Print, exactly as they stand, the lines below from the one that has "SoC difference/1 -> MPC_QP/1(SoCbRef_rat)" to the one that has "SoCbRef_rat : Inport", inclusive, leaving out the pictures.

§ **RAW DATA**
---*---
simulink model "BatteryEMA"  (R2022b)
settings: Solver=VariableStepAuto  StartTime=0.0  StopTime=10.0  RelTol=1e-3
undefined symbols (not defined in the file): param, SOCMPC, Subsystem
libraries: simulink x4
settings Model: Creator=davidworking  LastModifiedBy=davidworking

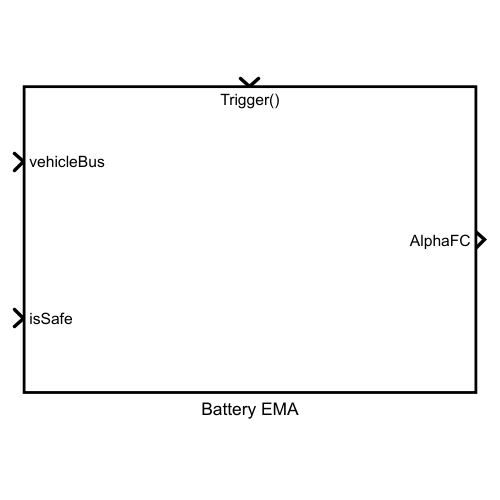
[thumbnail: Simulink's stored preview of the top-level diagram]
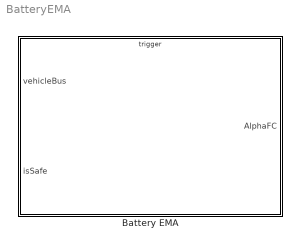
== system BatteryEMA ==
  Battery EMA : Subsystem

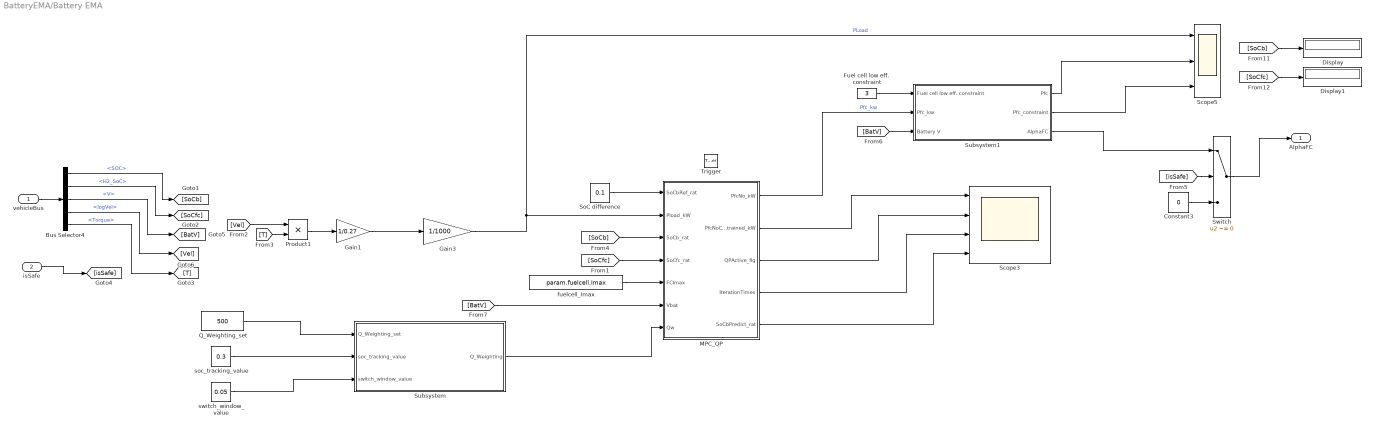
== system BatteryEMA/Battery EMA ==
  vehicleBus : Inport
  isSafe : Inport  Port=2
  Trigger : TriggerPort  TriggerType=function-call  VariantControl=(inherit)  PortDimensions=1
  Bus Selector4 : BusSelector  OutputSignals=batteryBus.SOC,rexBus.H2_SoC,batteryBus.V,chassisBus.logVel,chassisControlBus.Torque
  Constant3 : Constant  Value=0
  Display : Display
  Display1 : Display
  Fuel cell low eff. constraint : Constant  Value=3
  Gain1 : Gain  Gain=1/0.27
  Gain3 : Gain  Gain=1/1000
  MPC_QP : Subsystem  AncestorBlock=SOCMPC/Subsystem
      settings: LibrarySourceBlock=SOCMPC/Subsystem
  Product1 : Product
  Q_Weighting_set : Constant  Value=500
  Scope3 : Scope  NumInputPorts=4
  Scope5 : Scope  NumInputPorts=3
  SoC difference : Constant  Value=0.1
  Subsystem : Subsystem
  Subsystem1 : Subsystem
  Switch : Switch  Criteria=u2 ~= 0  SaturateOnIntegerOverflow=off  InputSameDT=off
  fuelcell_Imax : Constant  Value=param.fuelcell.Imax
  soc_tracking_value : Constant  Value=0.3
  switch_window_value : Constant  Value=0.05
  AlphaFC : Outport
  wires:
  Subsystem1/3(AlphaFC) -> Switch/1
  Subsystem1/1(Pfc) -> Scope5/2
  MPC_QP/1(PfcNo_kW) -> Subsystem1/2(Pfc_kw)  "Pfc_kw"
  [BatV] -> Subsystem1/3(Battery V)
  Subsystem/1(Q_Weighting) -> MPC_QP/7(Qw)
  Bus Selector4/5 -> [T]  "<Torque>"
  Bus Selector4/4 -> [Vel]  "<logVel>"
  [SoCb] -> MPC_QP/3(SoCb_rat)
  Fuel cell low eff. constraint/1 -> Subsystem1/1(Fuel cell low eff. constraint)
  [SoCfc] -> Display1/1
  Bus Selector4/3 -> [BatV]  "<V>"
  Bus Selector4/2 -> [SoCfc]  "<H2_SoC>"
  Gain1/1 -> Gain3/1
  Bus Selector4/1 -> [SoCb]  "<SOC>"
  [SoCfc] -> MPC_QP/4(SoCfc_rat)
  Constant3/1 -> Switch/3
  [BatV] -> MPC_QP/6(Vbat)
  MPC_QP/5(SoCbPredict_rat) -> Scope3/4
  fuelcell_Imax/1 -> MPC_QP/5(FCImax)
  MPC_QP/4(IterationTimes) -> Scope3/3
  [SoCb] -> Display/1
  [T] -> Product1/2
  SoC difference/1 -> MPC_QP/1(SoCbRef_rat)
  [Vel] -> Product1/1
  Switch/1 -> AlphaFC/1
  [isSafe] -> Switch/2
  MPC_QP/3(QPActive_flg) -> Scope3/2
  Gain3/1 -> MPC_QP/2(Pload_kW), Scope5/1  "PLoad"
  MPC_QP/2(PfcNoConstrained_kW) -> Scope3/1
  isSafe/1 -> [isSafe]
  soc_tracking_value/1 -> Subsystem/2(soc_tracking_value)
  vehicleBus/1 -> Bus Selector4/1
  switch_window_value/1 -> Subsystem/3(switch_window_value)
  Q_Weighting_set/1 -> Subsystem/1(Q_Weighting_set)
  Subsystem1/2(Pfc_constraint) -> Scope5/3
  Product1/1 -> Gain1/1

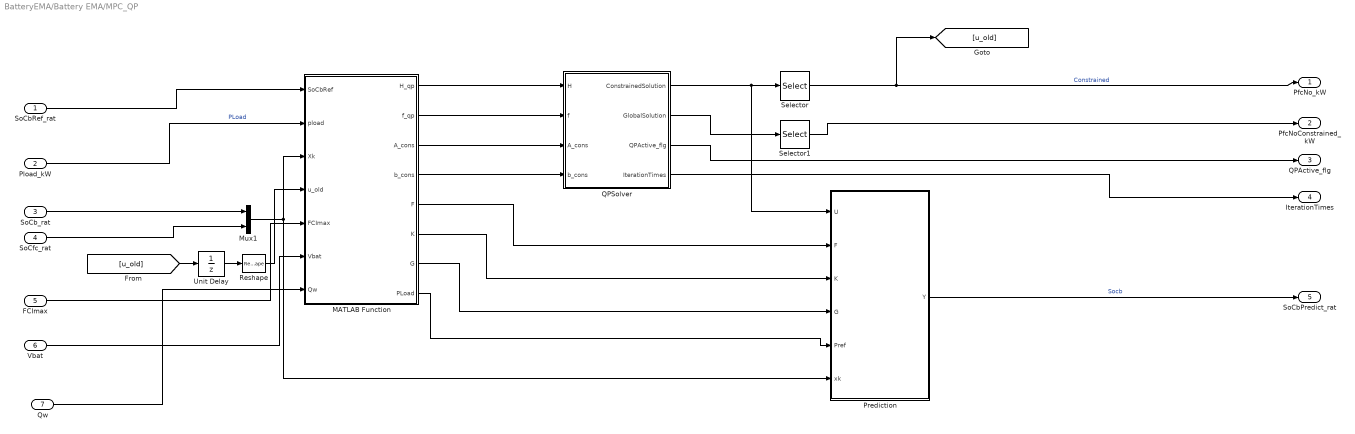
== system BatteryEMA/Battery EMA/MPC_QP ==
  SoCbRef_rat : Inport
  Pload_kW : Inport  Port=2
  SoCb_rat : Inport  Port=3
  SoCfc_rat : Inport  Port=4
  FCImax : Inport  Port=5
  Vbat : Inport  Port=6
  Qw : Inport  Port=7
  MATLAB Function : MATLAB Function  TreatAsAtomicUnit=on
  Mux1 : Mux  Inputs=2
  Prediction : MATLAB Function  TreatAsAtomicUnit=on
  QPSolver : Subsystem  mask{Size_H=3, N_u=3, iteration_max=30}
      mask prompts: Size_H "Hessian matrix size"; N_u "Number of target solution"; iteration_max "MaxIterations"
  Reshape : Reshape  OutputDimensionality=Column vector (2-D)
  Selector : Selector  IndexOptions=Index vector (dialog)  Indices=1  OutputSizes=1
  Selector1 : Selector  IndexOptions=Index vector (dialog)  Indices=1  OutputSizes=1
  Unit Delay : UnitDelay  SampleTime=-1  HasFrameUpgradeWarning=on
  PfcNo_kW : Outport
  PfcNoConstrained_kW : Outport  Port=2
  QPActive_flg : Outport  Port=3
  IterationTimes : Outport  Port=4
  SoCbPredict_rat : Outport  Port=5
  wires:
  Qw/1 -> MATLAB Function/7(Qw)
  Vbat/1 -> MATLAB Function/6(Vbat)
  FCImax/1 -> MATLAB Function/5(FCImax)
  Pload_kW/1 -> MATLAB Function/2(pload)  "PLoad"
  MATLAB Function/1(H_qp) -> QPSolver/1(H)
  Mux1/1 -> Prediction/6(xk), MATLAB Function/3(Xk)
  MATLAB Function/4(b_cons) -> QPSolver/4(b_cons)
  MATLAB Function/2(f_qp) -> QPSolver/2(f)
  Selector/1 -> [u_old], PfcNo_kW/1  "Constrained"
  MATLAB Function/7(G) -> Prediction/4(G)
  SoCb_rat/1 -> Mux1/1
  Reshape/1 -> MATLAB Function/4(u_old)
  MATLAB Function/3(A_cons) -> QPSolver/3(A_cons)
  QPSolver/1(ConstrainedSolution) -> Prediction/1(U), Selector/1
  MATLAB Function/6(K) -> Prediction/3(K)
  MATLAB Function/8(PLoad) -> Prediction/5(Pref)
  Unit Delay/1 -> Reshape/1
  QPSolver/2(GlobalSolution) -> Selector1/1
  Selector1/1 -> PfcNoConstrained_kW/1
  MATLAB Function/5(F) -> Prediction/2(F)
  [u_old] -> Unit Delay/1
  Prediction/1(Y) -> SoCbPredict_rat/1  "Socb"
  QPSolver/3(QPActive_flg) -> QPActive_flg/1
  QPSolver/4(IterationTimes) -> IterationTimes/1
---*---
§ **ANSWER TO THIS PROBLEM**
  SoC difference/1 -> MPC_QP/1(SoCbRef_rat)
  [Vel] -> Product1/1
  Switch/1 -> AlphaFC/1
  [isSafe] -> Switch/2
  MPC_QP/3(QPActive_flg) -> Scope3/2
  Gain3/1 -> MPC_QP/2(Pload_kW), Scope5/1  "PLoad"
  MPC_QP/2(PfcNoConstrained_kW) -> Scope3/1
  isSafe/1 -> [isSafe]
  soc_tracking_value/1 -> Subsystem/2(soc_tracking_value)
  vehicleBus/1 -> Bus Selector4/1
  switch_window_value/1 -> Subsystem/3(switch_window_value)
  Q_Weighting_set/1 -> Subsystem/1(Q_Weighting_set)
  Subsystem1/2(Pfc_constraint) -> Scope5/3
  Product1/1 -> Gain1/1

== system BatteryEMA/Battery EMA/MPC_QP ==
  SoCbRef_rat : Inport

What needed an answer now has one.